WHAT NEEDS TO BE DONE:
Look through the material below for "empty". Copy every line that contains it.

====== DATA PROVIDED ======

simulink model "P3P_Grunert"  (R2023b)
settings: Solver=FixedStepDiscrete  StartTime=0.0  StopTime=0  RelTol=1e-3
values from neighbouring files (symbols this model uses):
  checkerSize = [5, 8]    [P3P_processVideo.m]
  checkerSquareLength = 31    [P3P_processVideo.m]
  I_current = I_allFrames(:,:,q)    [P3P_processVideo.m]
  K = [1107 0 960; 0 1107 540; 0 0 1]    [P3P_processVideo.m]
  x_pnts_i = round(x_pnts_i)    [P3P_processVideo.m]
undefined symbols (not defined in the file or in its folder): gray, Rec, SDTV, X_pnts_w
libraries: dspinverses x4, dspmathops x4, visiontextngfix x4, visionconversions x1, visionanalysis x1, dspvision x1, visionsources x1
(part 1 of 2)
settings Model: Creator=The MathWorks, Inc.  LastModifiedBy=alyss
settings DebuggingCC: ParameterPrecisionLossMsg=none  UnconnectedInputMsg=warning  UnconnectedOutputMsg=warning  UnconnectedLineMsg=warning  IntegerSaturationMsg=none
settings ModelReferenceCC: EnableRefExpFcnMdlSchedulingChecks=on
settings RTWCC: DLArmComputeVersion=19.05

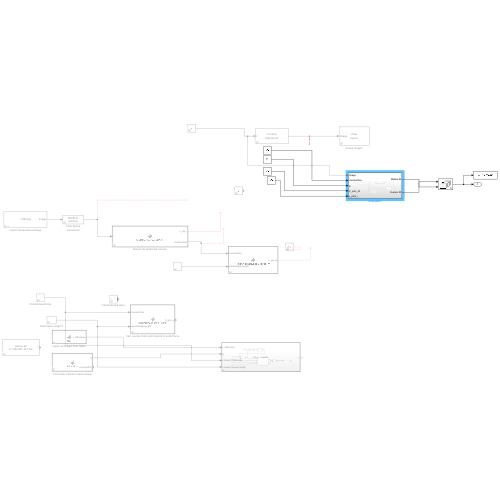
[thumbnail: Simulink's stored preview of the top-level diagram]
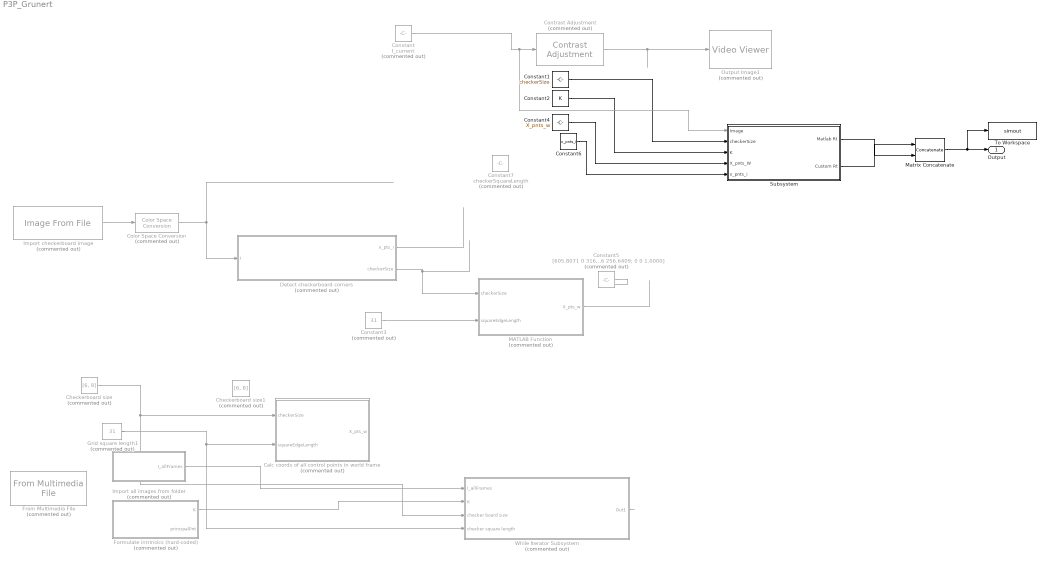
== system P3P_Grunert ==
  Calc coords of all control points in world frame : MATLAB Function  Commented=on  TreatAsAtomicUnit=on
  Checkerboard size : Constant  Commented=on  Value=[6, 8]
  Checkerboard size1 : Constant  Commented=on  Value=[6, 8]
  Color Space Conversion : visionconversions/Color Space  Conversion  Commented=on  conversion=Obsolete  conversionActive=R'G'B' to intensity  wp_str=D65  rec=Rec. 601 (SDTV)  sys=1125/60/2:1  imagePorts=One multidimensional signal
  Constant : Constant  Commented=on  Value=I_current
  Constant1 : Constant  Value=checkerSize
  Constant2 : Constant  Value=K
  Constant3 : Constant  Commented=on  Value=31
  Constant4 : Constant  Value=X_pnts_w
  Constant5 : Constant  Commented=on  Value=[605.8071 0 316.6903; 0 608.4646 256.6409; 0 0 1.0000]
  Constant6 : Constant  Value=x_pnts_i
  Constant7 : Constant  Commented=on  Value=checkerSquareLength
  Contrast Adjustment : visionanalysis/Contrast Adjustment  Commented=on  methodInputRange=Full input data range [min max]  rangeIn=[0 255]  fracSaturate=[1 1]  isBinNum=on  binNum=256  methodOutputRange=Full data type range  rangeOut=[0 255]  roundingMode=Floor  overflowMode=off  prod1Mode=Binary point scaling  prod1WordLength=32  prod1FracLength=16  prod2Mode=Binary point scaling  prod2WordLength=32  prod2FracLength=16
  Detect checkerboard corners : MATLAB Function  Commented=on  TreatAsAtomicUnit=on
  Formulate intrinsics (hard-coded) : MATLAB Function  Commented=on  TreatAsAtomicUnit=on
  From Multimedia File : dspvision/From Multimedia File  Commented=on  inputFilename=vipmen.avi  readRange=[1 Inf]  loop=on  numPlays=1  outputStreams=Video only  videoDataType=single  audioDataType=int16  inheritSampleTime=on  userDefinedSampleTime=1/30  noAudioOutput=off  isIntensityVideo=off  fourcc=Intensity  colorVideoFormat=One multidimensional signal  outputEOF=off  dataOrg=Column-major  audioFrameSize=1024  computeAudioFrameSize=off  outSamplingMode=Sample based
      settings: LibrarySourceBlock=visionsources/From Multimedia File
  Grid square length1 : Constant  Commented=on  Value=31
  Import all images from folder : MATLAB Function  Commented=on  TreatAsAtomicUnit=on
  Import checkerboard image : visionsources/Image From File  Tag=vipblks_nd  Commented=on  FileName=C:\Users\alyss\OneDrive - University of Cape Town\Code\MATLAB\PnP\Verification\-0160.jpg  Ts=inf  imagePorts=One multidimensional signal  OutPortLabels=R|G|B  ImageDataType=Inherit from input image  sdImageDataType=uint(8)  Signed=on  WordLength=16  FractionLengthMode=User-defined  FractionLength=15
  MATLAB Function : MATLAB Function  Commented=on  TreatAsAtomicUnit=on
  Matrix Concatenate : Concatenate  Mode=Multidimensional array  ConcatenateDimension=3
  Output Image1 : VideoViewer  Commented=on  colormapValue=gray(256)  FigPos=[1727 991 1362 617]
  Subsystem : Subsystem
  To Workspace : ToWorkspace  VariableName=simout  SampleTime=-1
  While Iterator Subsystem : Subsystem  Commented=on  TreatAsAtomicUnit=on
  Output : Outport
  wires:
  Import checkerboard image/1 -> Color Space Conversion/1
  Subsystem/1(Matlab Rt) -> Matrix Concatenate/2
  Subsystem/2(Custom Rt) -> Matrix Concatenate/1
  Matrix Concatenate/1 -> To Workspace/1, Output/1
  Formulate intrinsics (hard-coded)/1(K) -> While Iterator Subsystem/2(K)
  Grid square length1/1 -> Calc coords of all control points in world frame/2(squareEdgeLength), While Iterator Subsystem/4(checker square length)
  While Iterator Subsystem/1(Out1) -> ?
  Import all images from folder/1(I_allFrames) -> While Iterator Subsystem/1(I_allFrames)
  Constant3/1 -> MATLAB Function/2(squareEdgeLength)
  Checkerboard size/1 -> While Iterator Subsystem/3(checker board size), Calc coords of all control points in world frame/1(checkerSize)
  Constant4/1 -> Subsystem/4(X_pnts_W)
  Contrast Adjustment/1 -> Output Image1/1
  Constant1/1 -> Subsystem/2(checkerSize)
  Constant2/1 -> Subsystem/3(K)
  Color Space Conversion/1 -> Detect checkerboard corners/1(I)
  Constant/1 -> Subsystem/1(Image), Contrast Adjustment/1
  Constant6/1 -> Subsystem/5(x_pnts_i)
  Detect checkerboard corners/1(x_pts_i) -> ?
  Detect checkerboard corners/2(checkerSize) -> MATLAB Function/1(checkerSize)
  Constant5/1 -> ?
  MATLAB Function/1(X_pts_w) -> ?

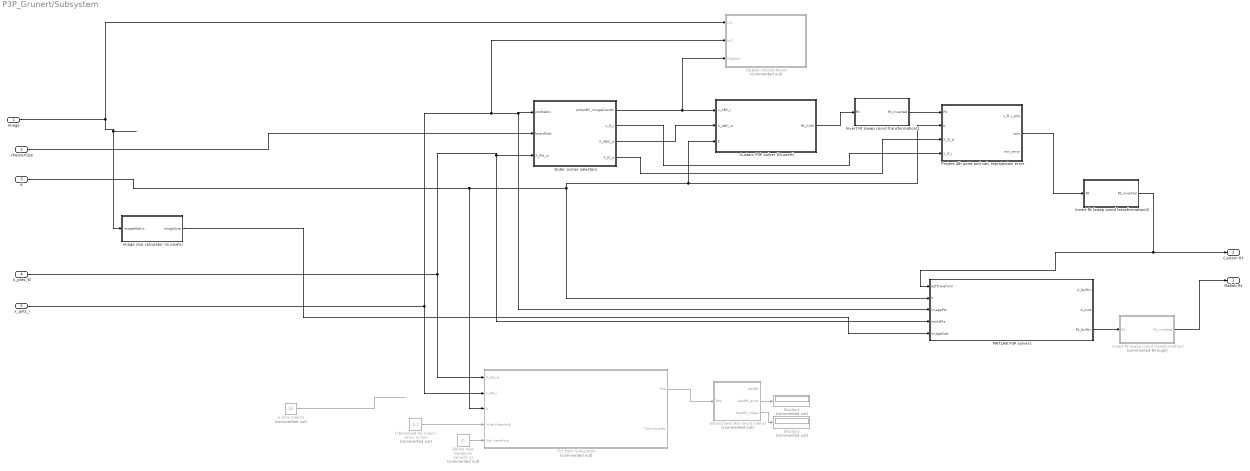
== system P3P_Grunert/Subsystem ==
  Image : Inport
  checkerSize : Inport  Port=2
  K : Inport  Port=3
  X_pnts_W : Inport  Port=4
  x_pnts_i : Inport  Port=5
  Custom P3P solver (Grunert) : Subsystem
  Define max iterations : Constant  Commented=on  Value=zeros(5,1)
  Display checkerboard : Subsystem  Commented=on
  Display4 : Display  Commented=on
  Display5 : Display  Commented=on
  Extract best Rte (most inliers) : MATLAB Function  Commented=on  TreatAsAtomicUnit=on
  For Each Subsystem : Subsystem  Commented=on  TreatAsAtomicUnit=on
  Image size calculator (in pixels) : MATLAB Function  TreatAsAtomicUnit=on
  Invert Rt (swap coord transformation) : MATLAB Function  Commented=through  TreatAsAtomicUnit=on
  Invert Rt (swap coord transformation)1 : MATLAB Function  TreatAsAtomicUnit=on
  Invert Rt (swap coord transformation)2 : MATLAB Function  TreatAsAtomicUnit=on
  MATLAB P3P solver1 : MATLAB Function  TreatAsAtomicUnit=on
  Outer corner selectors : Subsystem
  Project 4th point and calc reprojection error : MATLAB Function  TreatAsAtomicUnit=on
  n (min inliers) : Constant  Commented=on  Value=25
  t (threshold for inlier) - error in mm : Constant  Commented=on  Value=0.7
  Matlab Rt : Outport
  Custom Rt : Outport  Port=2
  wires:
  n (min inliers)/1 -> ?
  t (threshold for inlier) - error in mm/1 -> For Each Subsystem/4(Inlier threshold)
  Outer corner selectors/4(X_D_w) -> Project 4th point and calc reprojection error/3(X_D_w)
  Outer corner selectors/2(x_D_i) -> Project 4th point and calc reprojection error/4(x_D_i)
  x_pnts_i/1 -> MATLAB P3P solver1/3(imagePts), Outer corner selectors/1(pntMatrix), Display checkerboard/2(In2), For Each Subsystem/2(x_pts_i)
  Extract best Rte (most inliers)/2(bestRt_error) -> Display4/1
  Image/1 -> Image size calculator (in pixels)/1(imageMatrix), Display checkerboard/1(In1)
  X_pnts_W/1 -> MATLAB P3P solver1/4(worldPts), Outer corner selectors/3(X_Pts_w), For Each Subsystem/1(X_pts_w)
  For Each Subsystem/1(Rte) -> Extract best Rte (most inliers)/1(Rte)
  Outer corner selectors/3(X_ABC_w) -> Custom P3P solver (Grunert)/2(X_ABC_w)
  Extract best Rte (most inliers)/3(bestRt_inliers) -> Display5/1
  Image size calculator (in pixels)/1(imageSize) -> MATLAB P3P solver1/5(imageSize)
  K/1 -> For Each Subsystem/3(K), Project 4th point and calc reprojection error/2(K), Custom P3P solver (Grunert)/3(K), MATLAB P3P solver1/2(K)
  Define max iterations/1 -> For Each Subsystem/5(Vec iterations)
  Outer corner selectors/1(pntsABC_imageCoords) -> Display checkerboard/3(Outport), Custom P3P solver (Grunert)/1(x_ABC_i)
  checkerSize/1 -> Outer corner selectors/2(boardSize)
  MATLAB P3P solver1/3(Rt_builtin) -> Invert Rt (swap coord transformation)/1(Rt)
  Invert Rt (swap coord transformation)/1(Rt_inverted) -> Matlab Rt/1
  Invert Rt (swap coord transformation)2/1(Rt_inverted) -> MATLAB P3P solver1/1(estTransform), Custom Rt/1
  Custom P3P solver (Grunert)/1(Rt_C2W) -> Invert Rt (swap coord transformation)1/1(Rt)
  Invert Rt (swap coord transformation)1/1(Rt_inverted) -> Project 4th point and calc reprojection error/1(Rt)
  Project 4th point and calc reprojection error/2(soln) -> Invert Rt (swap coord transformation)2/1(Rt)

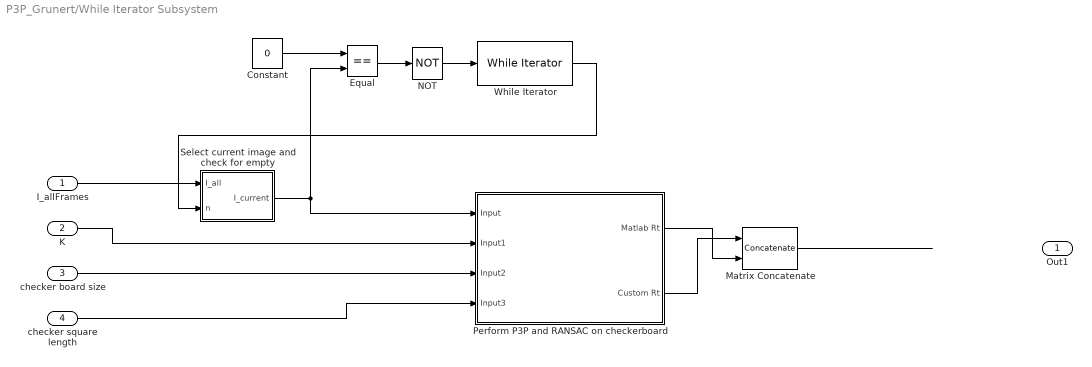
== system P3P_Grunert/While Iterator Subsystem ==
  I_allFrames : Inport
  K : Inport  Port=2
  checker board size : Inport  Port=3
  checker square length : Inport  Port=4
  Constant : Constant  Value=0
  Equal : RelationalOperator  Operator===  OutDataTypeStr=boolean  RndMeth=Simplest  InputSameDT=off
  Matrix Concatenate : Concatenate  Mode=Multidimensional array  ConcatenateDimension=3
  NOT : Logic  Operator=NOT  IconShape=distinctive  AllPortsSameDT=off  OutDataTypeStr=boolean
  Perform P3P and RANSAC on checkerboard : Subsystem  mask{intensityMatrix=[0 0; 0 0], checkerSize=[0, 0], K=[0 0 0; 0 0 0; 0 0 0], checkerSquareEdgeLength=0}
      mask prompts: intensityMatrix "2D matrix of pixel intensity values."; checkerSize "Number of squares in the checkerboard to be detected, specified as a 1D array [height, width]."; K "Camera intrinsic matrix, 3x3."; checkerSquareEdgeLength "Length of edge of one square in mm."
  Select current image and check for empty : MATLAB Function  TreatAsAtomicUnit=on
  While Iterator : WhileIterator  MaxIters=100  WhileBlockType=do-while  ShowIterationPort=on  OutputDataType=int16
  Out1 : Outport
  wires:
  I_allFrames/1 -> Select current image and check for empty/1(I_all)
  While Iterator/1 -> Select current image and check for empty/2(n)
  Constant/1 -> Equal/1
  NOT/1 -> While Iterator/1
  Equal/1 -> NOT/1
  Select current image and check for empty/1(I_current) -> Perform P3P and RANSAC on checkerboard/1(Input), Equal/2
  Matrix Concatenate/1 -> ?
  Perform P3P and RANSAC on checkerboard/2(Custom Rt) -> Matrix Concatenate/1
  K/1 -> Perform P3P and RANSAC on checkerboard/2(Input1)
  Perform P3P and RANSAC on checkerboard/1(Matlab Rt) -> Matrix Concatenate/2
  checker square length/1 -> Perform P3P and RANSAC on checkerboard/4(Input3)
  checker board size/1 -> Perform P3P and RANSAC on checkerboard/3(Input2)

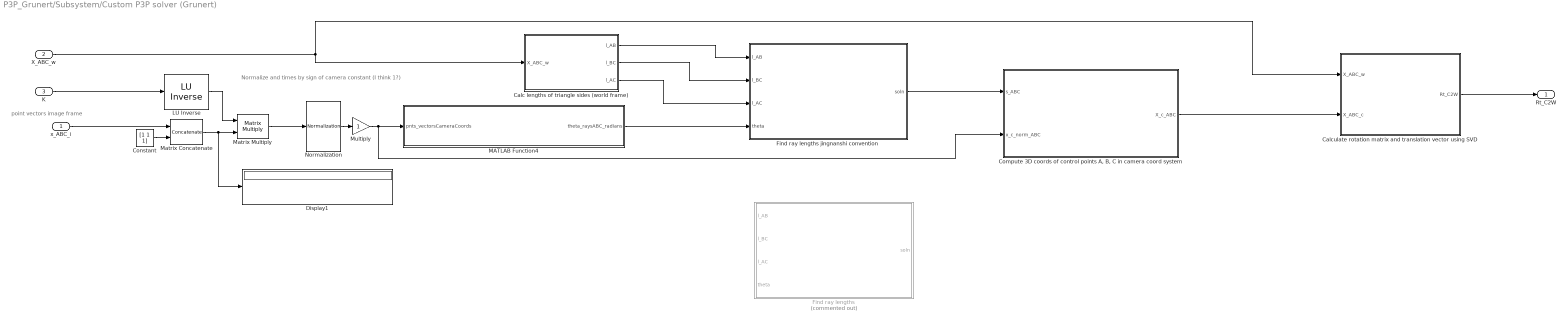
== system P3P_Grunert/Subsystem/Custom P3P solver (Grunert) ==
  note: point vectors image frame
  note: Normalize and times by sign of camera constant (I think 1?)
  x_ABC_i : Inport
  X_ABC_w : Inport  Port=2
  K : Inport  Port=3
  " LU Inverse" : dspinverses/ LU Inverse
  Calc lengths of triangle sides (world frame) : MATLAB Function  TreatAsAtomicUnit=on
  Calculate rotation matrix and translation vector using SVD : MATLAB Function  TreatAsAtomicUnit=on
  "Compute 3D coords of control points A, B, C in camera coord system" : MATLAB Function  TreatAsAtomicUnit=on
  Constant : Constant  Value=[1 1 1]  VectorParams1D=off
  Display1 : Display
  Find ray lengths : MATLAB Function  Commented=on  TreatAsAtomicUnit=on
  Find ray lengths jingnanshi convention : MATLAB Function  TreatAsAtomicUnit=on
  MATLAB Function4 : MATLAB Function  TreatAsAtomicUnit=on
  Matrix Concatenate : Concatenate  Mode=Multidimensional array
  Matrix Multiply : Product  Multiplication=Matrix(*)
  Multiply : Gain
  Normalization : dspmathops/Normalization  NormType=2-norm  Bias=1e-10  NormOver=Each column  Dimension=1  roundingMode=Floor  overflowMode=off  accumDataTypeStr=Inherit: Same as product output  accumLastDataTypeStr=Inherit: Same as product output  outputDataTypeStr=Inherit: Same as product output  outputMin=[]  outputMax=[]  outputLastDataTypeStr=Inherit: Same as product output
  Rt_C2W : Outport
  wires:
  Multiply/1 -> "Compute 3D coords of control points A, B, C in camera coord system"/2(x_c_norm_ABC), MATLAB Function4/1(pnts_vectorsCameraCoords)
  Normalization/1 -> Multiply/1
  MATLAB Function4/1(theta_raysABC_radians) -> Find ray lengths jingnanshi convention/4(theta)
  "Compute 3D coords of control points A, B, C in camera coord system"/1(X_c_ABC) -> Calculate rotation matrix and translation vector using SVD/2(X_ABC_c)
  X_ABC_w/1 -> Calculate rotation matrix and translation vector using SVD/1(X_ABC_w), Calc lengths of triangle sides (world frame)/1(X_ABC_w)
  Calc lengths of triangle sides (world frame)/3(l_AC) -> Find ray lengths jingnanshi convention/3(l_AC)
  Calc lengths of triangle sides (world frame)/1(l_AB) -> Find ray lengths jingnanshi convention/1(l_AB)
  Calc lengths of triangle sides (world frame)/2(l_BC) -> Find ray lengths jingnanshi convention/2(l_BC)
  K/1 -> " LU Inverse"/1
  Find ray lengths jingnanshi convention/1(soln) -> "Compute 3D coords of control points A, B, C in camera coord system"/1(s_ABC)
  x_ABC_i/1 -> Matrix Concatenate/1
  Matrix Concatenate/1 -> Display1/1, Matrix Multiply/2
  " LU Inverse"/1 -> Matrix Multiply/1
  Matrix Multiply/1 -> Normalization/1
  Constant/1 -> Matrix Concatenate/2
  Calculate rotation matrix and translation vector using SVD/1(Rt_C2W) -> Rt_C2W/1

== system P3P_Grunert/Subsystem/Display checkerboard ==
  In1 : Inport
  In2 : Inport  Port=2
  Outport : Inport  Port=3
  Data Type Conversion : DataTypeConversion  OutDataTypeStr=int16  SaturateOnIntegerOverflow=off  RndMeth=Floor
  Data Type Conversion1 : DataTypeConversion  OutDataTypeStr=int16  SaturateOnIntegerOverflow=off  RndMeth=Floor
  Draw All Detected Corners1 : visiontextngfix/Draw Markers  shape=Circle  size=4  fill=on  fillClrSource=Specify via dialog  display=User-specified value  intensity=200  color=250  opacity=0.6  viewport=Entire image  antialiasing=off  inType=Obsolete  imagePorts=One multidimensional signal  roundingMode=Floor  overflowMode=off  memoryMode=Specify word length  memoryWordLength=16  memoryFracLength=15  prodOutputMode=Binary point scaling  prodOutputWordLength=32  prodOutputFracLength=14
  Insert Text : visiontextngfix/Insert Text  inputType=Obsolete  theText='%s'  getTextLocFrom=Input port  textLoc=[100 100]  getTextColorFrom=Specify via dialog  textColor=[0 255 0]  getTextIntensityFrom=Specify via dialog  textIntensity=1  getTextOpacityFrom=Specify via dialog  textOpacity=1.0  dummyVar2=0  dummyVar3=0  dummyVar4=0  imagePorts=One multidimensional signal  isInputTransposed=off  fontFace=LucidaSansRegular  dummyVar1=0  blockFontSize=60  antiAliased=on
  Output Image1 : VideoViewer  colormapValue=gray(256)  FigPos=[2 725 1362 615]
  Specify text variables : Constant  Value=uint8(['A' 0 'B' 0 'C'])
  Transpose : Math  Operator=transpose
  wires:
  Data Type Conversion/1 -> Draw All Detected Corners1/2
  Draw All Detected Corners1/1 -> Insert Text/1
  Specify text variables/1 -> Insert Text/2
  Transpose/1 -> Insert Text/3
  In1/1 -> Draw All Detected Corners1/1
  Insert Text/1 -> Output Image1/1
  Data Type Conversion1/1 -> Transpose/1
  Outport/1 -> Data Type Conversion1/1
  In2/1 -> Data Type Conversion/1

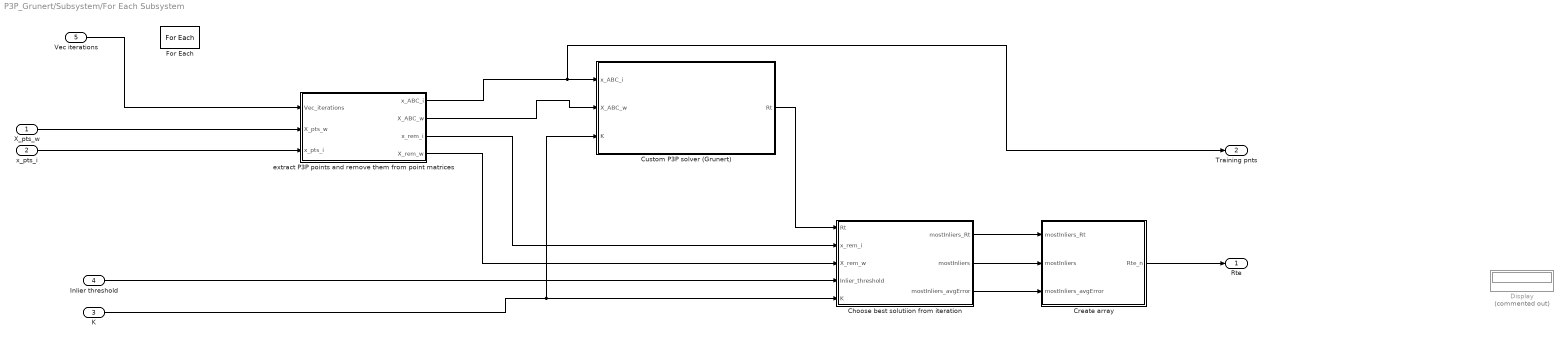
== system P3P_Grunert/Subsystem/For Each Subsystem ==
  X_pts_w : Inport
  x_pts_i : Inport  Port=2
  K : Inport  Port=3
  Inlier threshold : Inport  Port=4
  Vec iterations : Inport  Port=5  Partition=on  PartitionDimension=1  PartitionWidth=1  PartitionOffset=0
  Choose best solutiion from iteration : MATLAB Function  TreatAsAtomicUnit=on
  Create array : MATLAB Function  TreatAsAtomicUnit=on
  Custom P3P solver (Grunert) : Subsystem
  Display : Display  Commented=on
  For Each : ForEach  DisableCoverage=on
  extract P3P points and remove them from point matrices : MATLAB Function  TreatAsAtomicUnit=on
  Rte : Outport  ConcatenationDimension=3
  Training pnts : Outport  Port=2  ConcatenationDimension=2
  wires:
  Create array/1(Rte_n) -> Rte/1
  K/1 -> Custom P3P solver (Grunert)/3(K), Choose best solutiion from iteration/5(K)
  Choose best solutiion from iteration/2(mostInliers) -> Create array/2(mostInliers)
  Choose best solutiion from iteration/1(mostInliers_Rt) -> Create array/1(mostInliers_Rt)
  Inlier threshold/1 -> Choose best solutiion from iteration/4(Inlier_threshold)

======

RESPONSE:
  Select current image and check for empty : MATLAB Function  TreatAsAtomicUnit=on
  I_allFrames/1 -> Select current image and check for empty/1(I_all)
  While Iterator/1 -> Select current image and check for empty/2(n)
  Select current image and check for empty/1(I_current) -> Perform P3P and RANSAC on checkerboard/1(Input), Equal/2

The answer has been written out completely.